If the Israelites knew their own traditions, they knew their forefathers had been delivered from slavery before in the land of Egypt. Their tradition was filled with stories of how they conquered a land they assumed had been given them by divine promise. The breakup of their own nation had occurred once before when they had been conquered and taken into exile. The captivity of the Northern Kingdom had taken place a whole century before. The whole history of this people extended backward 1,300 years. How much the average Hebrew exile may have known about Hebrew history is difficult to say. We can imagine their sense of history was just as dim as what the average Christians know about their tradition of two thousand years. That is what the prophet had to overcome. The people had to be reminded of what God had done for them throughout their history to understand that God could again save them.
The Light
In order to inspire his people with the hope that was theirs in the gracious God who had not abandoned them in the exile, Isaiah composed effective poems about the favored position of God's people. He begins the poem before us, "Arise, shine; for your light has come and the glory of the Lord has risen upon you." When the prophet speaks about the light, he refers to that light which the Scriptures consistently identify with the presence of God. The prophet does not mean that the people should bask in the sunshine of the creation and glory in what the creation itself reveals about the providential Creator God. This light is the light that emanated from God at the creation before God created the luminaries of the creation. This light is the light that God shines into the hearts of people for them to see everything in a different light.
The prophet can say that darkness covers the earth "and thick darkness the peoples." The people of the world who do not know the God of the prophet are in darkness no matter how much they know and how much they have perceived about the world. The prophet says that this light dawns on people as the Lord "rises" upon them and God's glory appears over them. That is the light of which we speak in the Epiphany of our Lord. As a unique light led the Magi to find the Holy Child, so God enlightens us so that we can embrace the Child as the Son of God and Savior of the world. The faith that makes such identity possible is a gift from the light which God sheds upon our minds and hearts as we are captivated by the story of the Almighty God revealing the divine presence in the birth of an infant Boy.
A Reunion
For the prophet the presence of the Light which emanates from God would enable the exiled Israelites to be reestablished as a people of honor among the family of nations. He envisioned, "Nations shall come to your light, and kings to the brightness of your dawn." Once more the people could think of themselves as that nation in whom other nations of the earth would be blessed. The other nations would be blessed, because Israel would once again be the depository of that revelation in which God would offer demonstrations of how God could and does work history. Other peoples could learn how God does love, redeem, and save those who would trust God's willingness to help them. All this would be obvious in the manner in which God would bring home the exiles from Babylon and restore them again with those people who had been left behind in Jerusalem and also with the many who had been scattered around the world. The prophet writes, "Lift up your eyes and look around; they all gather together, they come to you, your sons and your daughters shall be carried on their nurses' arms."

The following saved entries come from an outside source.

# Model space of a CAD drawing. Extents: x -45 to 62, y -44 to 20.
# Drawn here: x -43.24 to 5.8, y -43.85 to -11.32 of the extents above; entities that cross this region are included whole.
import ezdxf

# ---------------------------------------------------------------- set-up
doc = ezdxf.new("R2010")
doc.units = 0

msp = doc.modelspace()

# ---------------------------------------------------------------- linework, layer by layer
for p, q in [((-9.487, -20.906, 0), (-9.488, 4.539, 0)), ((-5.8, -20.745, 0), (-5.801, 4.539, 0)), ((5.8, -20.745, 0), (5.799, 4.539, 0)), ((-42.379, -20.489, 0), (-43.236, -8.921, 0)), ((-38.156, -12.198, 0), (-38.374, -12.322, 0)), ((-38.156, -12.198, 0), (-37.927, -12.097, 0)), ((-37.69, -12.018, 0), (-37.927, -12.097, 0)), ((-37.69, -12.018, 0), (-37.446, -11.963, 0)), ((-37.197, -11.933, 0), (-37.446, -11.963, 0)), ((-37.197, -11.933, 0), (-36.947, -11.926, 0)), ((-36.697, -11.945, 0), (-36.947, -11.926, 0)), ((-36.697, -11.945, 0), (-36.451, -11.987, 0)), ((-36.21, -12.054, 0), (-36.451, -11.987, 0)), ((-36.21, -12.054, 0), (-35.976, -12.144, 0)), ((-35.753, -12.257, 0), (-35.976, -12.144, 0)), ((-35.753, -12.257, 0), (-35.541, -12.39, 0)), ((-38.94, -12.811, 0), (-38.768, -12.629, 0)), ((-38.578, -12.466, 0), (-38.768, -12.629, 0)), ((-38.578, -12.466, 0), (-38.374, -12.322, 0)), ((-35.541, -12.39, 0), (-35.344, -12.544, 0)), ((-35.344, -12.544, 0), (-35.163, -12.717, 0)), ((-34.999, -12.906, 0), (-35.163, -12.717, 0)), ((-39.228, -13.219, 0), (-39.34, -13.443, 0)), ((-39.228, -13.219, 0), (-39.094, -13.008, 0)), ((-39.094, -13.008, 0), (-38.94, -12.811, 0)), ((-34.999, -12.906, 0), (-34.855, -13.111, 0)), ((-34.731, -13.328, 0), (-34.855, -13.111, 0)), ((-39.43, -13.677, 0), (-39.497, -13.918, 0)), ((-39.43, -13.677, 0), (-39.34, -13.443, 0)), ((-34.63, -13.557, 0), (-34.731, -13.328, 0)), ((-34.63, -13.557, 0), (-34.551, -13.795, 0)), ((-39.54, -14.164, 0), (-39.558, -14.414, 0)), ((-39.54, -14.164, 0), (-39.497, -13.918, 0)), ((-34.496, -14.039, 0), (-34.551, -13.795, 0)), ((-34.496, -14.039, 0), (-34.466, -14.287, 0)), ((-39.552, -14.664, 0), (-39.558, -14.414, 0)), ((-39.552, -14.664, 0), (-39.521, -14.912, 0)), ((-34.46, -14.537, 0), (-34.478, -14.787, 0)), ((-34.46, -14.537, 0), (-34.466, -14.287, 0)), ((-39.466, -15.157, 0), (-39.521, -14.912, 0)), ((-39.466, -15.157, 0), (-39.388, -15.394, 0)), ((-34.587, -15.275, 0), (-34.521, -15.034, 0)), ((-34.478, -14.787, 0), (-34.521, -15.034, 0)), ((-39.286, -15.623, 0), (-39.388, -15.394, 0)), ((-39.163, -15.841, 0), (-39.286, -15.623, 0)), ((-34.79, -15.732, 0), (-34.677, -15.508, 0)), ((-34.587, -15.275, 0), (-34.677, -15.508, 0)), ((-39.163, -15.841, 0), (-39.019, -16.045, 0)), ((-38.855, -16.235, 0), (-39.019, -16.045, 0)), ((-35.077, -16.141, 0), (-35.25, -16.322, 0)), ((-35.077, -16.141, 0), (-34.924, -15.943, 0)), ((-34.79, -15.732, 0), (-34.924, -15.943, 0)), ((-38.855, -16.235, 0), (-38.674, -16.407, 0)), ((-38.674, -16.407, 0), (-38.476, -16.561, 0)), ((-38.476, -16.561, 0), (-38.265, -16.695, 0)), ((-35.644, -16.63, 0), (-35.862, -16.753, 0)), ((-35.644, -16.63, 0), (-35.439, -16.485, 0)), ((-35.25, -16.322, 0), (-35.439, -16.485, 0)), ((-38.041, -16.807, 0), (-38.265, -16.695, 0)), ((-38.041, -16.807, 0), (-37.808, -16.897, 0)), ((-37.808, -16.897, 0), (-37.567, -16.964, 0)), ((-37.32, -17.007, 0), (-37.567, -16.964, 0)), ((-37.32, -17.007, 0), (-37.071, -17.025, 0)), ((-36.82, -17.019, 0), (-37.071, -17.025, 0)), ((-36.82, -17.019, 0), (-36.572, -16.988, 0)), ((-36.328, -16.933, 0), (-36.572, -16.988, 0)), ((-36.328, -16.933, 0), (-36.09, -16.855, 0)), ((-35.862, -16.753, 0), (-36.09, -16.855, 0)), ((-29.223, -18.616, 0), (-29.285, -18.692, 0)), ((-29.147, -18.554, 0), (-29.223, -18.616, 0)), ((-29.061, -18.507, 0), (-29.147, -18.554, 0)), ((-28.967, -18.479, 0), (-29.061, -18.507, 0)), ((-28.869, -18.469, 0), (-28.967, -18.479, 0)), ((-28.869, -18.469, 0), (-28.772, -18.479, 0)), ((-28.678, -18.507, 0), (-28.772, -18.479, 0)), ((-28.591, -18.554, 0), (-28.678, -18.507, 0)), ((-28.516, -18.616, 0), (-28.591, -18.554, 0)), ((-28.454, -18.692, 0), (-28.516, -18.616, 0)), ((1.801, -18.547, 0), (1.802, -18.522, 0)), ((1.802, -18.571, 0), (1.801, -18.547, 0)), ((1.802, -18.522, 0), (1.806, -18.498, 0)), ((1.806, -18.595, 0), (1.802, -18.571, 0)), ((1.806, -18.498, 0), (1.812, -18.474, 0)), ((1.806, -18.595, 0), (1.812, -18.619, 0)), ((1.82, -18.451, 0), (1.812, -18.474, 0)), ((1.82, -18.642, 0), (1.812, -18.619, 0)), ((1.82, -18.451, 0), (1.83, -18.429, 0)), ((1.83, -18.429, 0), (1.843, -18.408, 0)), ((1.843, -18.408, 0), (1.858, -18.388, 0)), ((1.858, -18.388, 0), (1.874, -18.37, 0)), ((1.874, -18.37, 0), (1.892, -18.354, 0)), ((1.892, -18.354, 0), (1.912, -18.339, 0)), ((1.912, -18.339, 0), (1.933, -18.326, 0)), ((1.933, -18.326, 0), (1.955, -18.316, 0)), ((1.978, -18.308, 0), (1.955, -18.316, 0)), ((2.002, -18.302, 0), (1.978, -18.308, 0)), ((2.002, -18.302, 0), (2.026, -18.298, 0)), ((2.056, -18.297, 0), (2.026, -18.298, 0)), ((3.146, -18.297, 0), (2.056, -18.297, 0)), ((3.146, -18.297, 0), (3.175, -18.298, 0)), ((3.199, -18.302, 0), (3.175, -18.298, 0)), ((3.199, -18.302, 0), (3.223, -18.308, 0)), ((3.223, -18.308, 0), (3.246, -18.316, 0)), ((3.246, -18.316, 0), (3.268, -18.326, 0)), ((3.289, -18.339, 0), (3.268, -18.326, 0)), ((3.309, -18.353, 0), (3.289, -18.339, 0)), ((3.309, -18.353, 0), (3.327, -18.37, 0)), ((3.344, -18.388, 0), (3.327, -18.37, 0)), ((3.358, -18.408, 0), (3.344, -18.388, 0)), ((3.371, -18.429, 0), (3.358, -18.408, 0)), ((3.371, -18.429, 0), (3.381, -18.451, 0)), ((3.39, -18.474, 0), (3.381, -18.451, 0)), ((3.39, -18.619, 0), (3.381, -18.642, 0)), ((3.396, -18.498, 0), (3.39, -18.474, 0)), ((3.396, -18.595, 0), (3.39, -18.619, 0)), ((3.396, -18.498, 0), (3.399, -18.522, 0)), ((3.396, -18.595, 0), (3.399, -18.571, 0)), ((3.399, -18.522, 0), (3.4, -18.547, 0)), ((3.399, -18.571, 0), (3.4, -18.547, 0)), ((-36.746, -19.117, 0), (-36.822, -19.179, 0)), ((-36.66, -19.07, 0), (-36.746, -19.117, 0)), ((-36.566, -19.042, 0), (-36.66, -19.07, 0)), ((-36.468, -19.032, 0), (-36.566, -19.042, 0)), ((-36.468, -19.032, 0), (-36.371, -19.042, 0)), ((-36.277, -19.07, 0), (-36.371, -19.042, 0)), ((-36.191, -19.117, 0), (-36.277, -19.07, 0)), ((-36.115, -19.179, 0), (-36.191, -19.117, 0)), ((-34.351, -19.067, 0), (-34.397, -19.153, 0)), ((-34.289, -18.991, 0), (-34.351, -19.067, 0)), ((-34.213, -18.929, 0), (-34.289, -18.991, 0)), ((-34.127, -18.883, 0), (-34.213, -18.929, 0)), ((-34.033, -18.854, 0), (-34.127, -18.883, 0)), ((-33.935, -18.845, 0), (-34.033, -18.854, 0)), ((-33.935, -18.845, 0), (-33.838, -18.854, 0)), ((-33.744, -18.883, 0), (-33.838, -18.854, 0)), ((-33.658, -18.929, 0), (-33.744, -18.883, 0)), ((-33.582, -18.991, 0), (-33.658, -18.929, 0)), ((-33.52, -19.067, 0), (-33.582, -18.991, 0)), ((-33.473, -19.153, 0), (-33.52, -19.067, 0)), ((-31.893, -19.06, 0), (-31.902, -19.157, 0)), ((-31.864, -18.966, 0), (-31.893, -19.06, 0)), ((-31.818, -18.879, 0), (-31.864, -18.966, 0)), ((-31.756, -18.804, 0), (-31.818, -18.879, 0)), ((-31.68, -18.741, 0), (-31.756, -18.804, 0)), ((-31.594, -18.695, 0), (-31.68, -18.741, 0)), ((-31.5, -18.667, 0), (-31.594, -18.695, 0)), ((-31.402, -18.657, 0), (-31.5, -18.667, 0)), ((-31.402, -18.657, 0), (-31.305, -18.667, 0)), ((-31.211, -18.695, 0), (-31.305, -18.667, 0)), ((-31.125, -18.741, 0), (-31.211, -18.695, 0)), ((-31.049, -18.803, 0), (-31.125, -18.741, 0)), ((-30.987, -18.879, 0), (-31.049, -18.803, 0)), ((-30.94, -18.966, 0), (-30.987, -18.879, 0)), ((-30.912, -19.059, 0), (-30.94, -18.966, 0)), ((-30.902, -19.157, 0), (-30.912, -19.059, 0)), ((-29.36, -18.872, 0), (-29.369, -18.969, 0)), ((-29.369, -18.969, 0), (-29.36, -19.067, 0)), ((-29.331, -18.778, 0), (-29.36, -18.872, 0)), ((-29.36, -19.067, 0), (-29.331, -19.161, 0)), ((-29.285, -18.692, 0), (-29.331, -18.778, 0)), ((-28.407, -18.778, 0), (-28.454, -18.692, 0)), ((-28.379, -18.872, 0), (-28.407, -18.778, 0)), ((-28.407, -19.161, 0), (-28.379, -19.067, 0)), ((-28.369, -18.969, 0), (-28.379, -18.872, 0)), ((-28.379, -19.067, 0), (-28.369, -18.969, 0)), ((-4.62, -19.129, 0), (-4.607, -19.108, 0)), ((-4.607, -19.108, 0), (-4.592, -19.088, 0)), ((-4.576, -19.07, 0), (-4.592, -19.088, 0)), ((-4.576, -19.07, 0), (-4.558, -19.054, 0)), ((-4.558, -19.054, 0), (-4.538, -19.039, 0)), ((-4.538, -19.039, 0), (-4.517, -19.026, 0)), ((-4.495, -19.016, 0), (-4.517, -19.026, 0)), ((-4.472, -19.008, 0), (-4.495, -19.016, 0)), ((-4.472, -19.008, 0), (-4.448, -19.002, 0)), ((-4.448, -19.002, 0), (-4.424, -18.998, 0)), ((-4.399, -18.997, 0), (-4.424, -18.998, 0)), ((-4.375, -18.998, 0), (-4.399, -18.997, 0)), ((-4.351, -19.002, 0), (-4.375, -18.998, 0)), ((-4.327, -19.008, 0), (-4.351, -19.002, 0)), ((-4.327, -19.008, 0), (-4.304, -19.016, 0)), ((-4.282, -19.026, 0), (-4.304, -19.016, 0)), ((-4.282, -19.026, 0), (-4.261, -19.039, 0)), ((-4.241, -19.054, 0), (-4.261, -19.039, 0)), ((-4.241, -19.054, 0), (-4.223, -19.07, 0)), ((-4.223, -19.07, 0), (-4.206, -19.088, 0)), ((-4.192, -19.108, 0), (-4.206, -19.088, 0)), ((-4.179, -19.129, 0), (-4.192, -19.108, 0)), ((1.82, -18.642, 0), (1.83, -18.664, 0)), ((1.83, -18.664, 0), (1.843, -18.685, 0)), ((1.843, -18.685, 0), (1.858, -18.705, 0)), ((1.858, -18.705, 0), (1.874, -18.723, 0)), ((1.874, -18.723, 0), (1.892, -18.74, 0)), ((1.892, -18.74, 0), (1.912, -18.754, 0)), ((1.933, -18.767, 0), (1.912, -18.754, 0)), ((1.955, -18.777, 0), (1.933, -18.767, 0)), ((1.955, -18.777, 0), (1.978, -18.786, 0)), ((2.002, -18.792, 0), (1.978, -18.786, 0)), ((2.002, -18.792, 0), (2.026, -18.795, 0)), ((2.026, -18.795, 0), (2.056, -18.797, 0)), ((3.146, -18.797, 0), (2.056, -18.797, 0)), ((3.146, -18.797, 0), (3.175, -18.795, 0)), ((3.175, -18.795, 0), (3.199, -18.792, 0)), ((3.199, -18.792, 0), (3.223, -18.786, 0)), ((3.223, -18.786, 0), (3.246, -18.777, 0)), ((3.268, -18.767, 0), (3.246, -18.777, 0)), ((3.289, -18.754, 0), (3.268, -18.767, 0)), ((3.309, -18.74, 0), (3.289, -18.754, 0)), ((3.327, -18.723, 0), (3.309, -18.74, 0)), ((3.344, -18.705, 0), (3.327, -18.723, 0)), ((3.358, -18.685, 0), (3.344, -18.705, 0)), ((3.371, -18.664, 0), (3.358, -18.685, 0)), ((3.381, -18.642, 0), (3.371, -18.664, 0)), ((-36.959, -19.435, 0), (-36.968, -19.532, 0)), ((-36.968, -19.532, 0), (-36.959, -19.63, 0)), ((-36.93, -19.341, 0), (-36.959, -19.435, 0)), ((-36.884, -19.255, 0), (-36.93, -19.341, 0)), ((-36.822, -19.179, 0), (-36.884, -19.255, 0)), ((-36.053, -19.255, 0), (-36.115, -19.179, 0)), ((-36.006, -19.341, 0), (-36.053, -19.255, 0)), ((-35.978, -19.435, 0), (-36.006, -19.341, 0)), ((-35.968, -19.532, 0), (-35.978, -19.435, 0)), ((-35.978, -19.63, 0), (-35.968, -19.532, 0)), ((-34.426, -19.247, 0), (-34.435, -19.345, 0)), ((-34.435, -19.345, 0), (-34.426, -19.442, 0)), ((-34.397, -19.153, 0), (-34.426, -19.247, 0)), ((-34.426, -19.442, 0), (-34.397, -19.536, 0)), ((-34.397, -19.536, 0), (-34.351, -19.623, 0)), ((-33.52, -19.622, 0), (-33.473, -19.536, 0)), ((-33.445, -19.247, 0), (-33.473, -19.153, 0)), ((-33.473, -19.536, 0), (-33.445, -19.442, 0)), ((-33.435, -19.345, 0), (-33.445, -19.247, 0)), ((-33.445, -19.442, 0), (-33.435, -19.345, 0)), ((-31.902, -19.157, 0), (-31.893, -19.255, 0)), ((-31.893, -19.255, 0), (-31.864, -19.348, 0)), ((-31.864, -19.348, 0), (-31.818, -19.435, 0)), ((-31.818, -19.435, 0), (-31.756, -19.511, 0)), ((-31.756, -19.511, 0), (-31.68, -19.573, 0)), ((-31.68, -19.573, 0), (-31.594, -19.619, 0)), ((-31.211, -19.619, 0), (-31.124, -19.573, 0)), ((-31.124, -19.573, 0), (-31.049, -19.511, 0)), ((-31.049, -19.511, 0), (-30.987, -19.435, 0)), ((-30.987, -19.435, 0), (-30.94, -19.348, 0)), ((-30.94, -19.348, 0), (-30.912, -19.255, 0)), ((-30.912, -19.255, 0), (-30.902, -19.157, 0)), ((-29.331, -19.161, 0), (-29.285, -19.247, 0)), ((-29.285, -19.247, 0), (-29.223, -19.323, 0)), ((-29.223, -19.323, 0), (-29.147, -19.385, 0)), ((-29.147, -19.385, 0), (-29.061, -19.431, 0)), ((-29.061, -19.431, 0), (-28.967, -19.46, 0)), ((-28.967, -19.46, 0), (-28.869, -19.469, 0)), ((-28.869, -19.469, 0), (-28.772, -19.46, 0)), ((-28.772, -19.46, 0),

The many Jews who had been dispersed throughout the Mediterranean world would be able to return to the Holy City of Jerusalem to celebrate the great festivals which honored the mighty acts God had performed in the history of this people -- a people that had not only been demoralized but had also been decimated and separated by the world powers that had run over them, because they were a weak and vassal state. Weak administrations in Judah had made compromises with growing world powers, and had made unholy treaties and pacts, but failed in both their diplomatic efforts as well as their attempts at military alliances. Now, however, God would make them a people again with no military hero, no great political figure, no creative governmental enterprise of their doing. In spite of their ineptness at the conference table or on the battlefield, God would raise them up to be God's people again.
The Prophetic Task
In order to appreciate the task that Isaiah had in rousing the exiles to trust that God was still in their history, imagine what the rabbis have to do for the Jewish people today after the holocaust. It is one thing to know that generally people should be horrified at the inhumanity that took place with the slaughter of six million Jews. All people should be revolted at that horrible moment of history. Certainly there are segments of the Hebrew population who react to the holocaust only on its humanitarian and political levels. However, the rabbis have to interpret this dreadful catastrophe in the light of their own tradition. A remarkable collection of what some rabbis did teach in response to the Holocaust has been published under the title I Will be Sanctified. One rabbi noted that the question, "Where was God during the Holocaust?" is the question of those who would justify giving up on the faith of their tradition. Some would ask the question in pain, some ask out of sincere doubt, and still others ask insolently and skeptically. However, the one who questions out of faith is like the one who asked his young nephew, a survivor of the Holocaust, if he had seen the smoke coming from the chimneys. But then he also asked, "And did you see God there next to the chimneys?"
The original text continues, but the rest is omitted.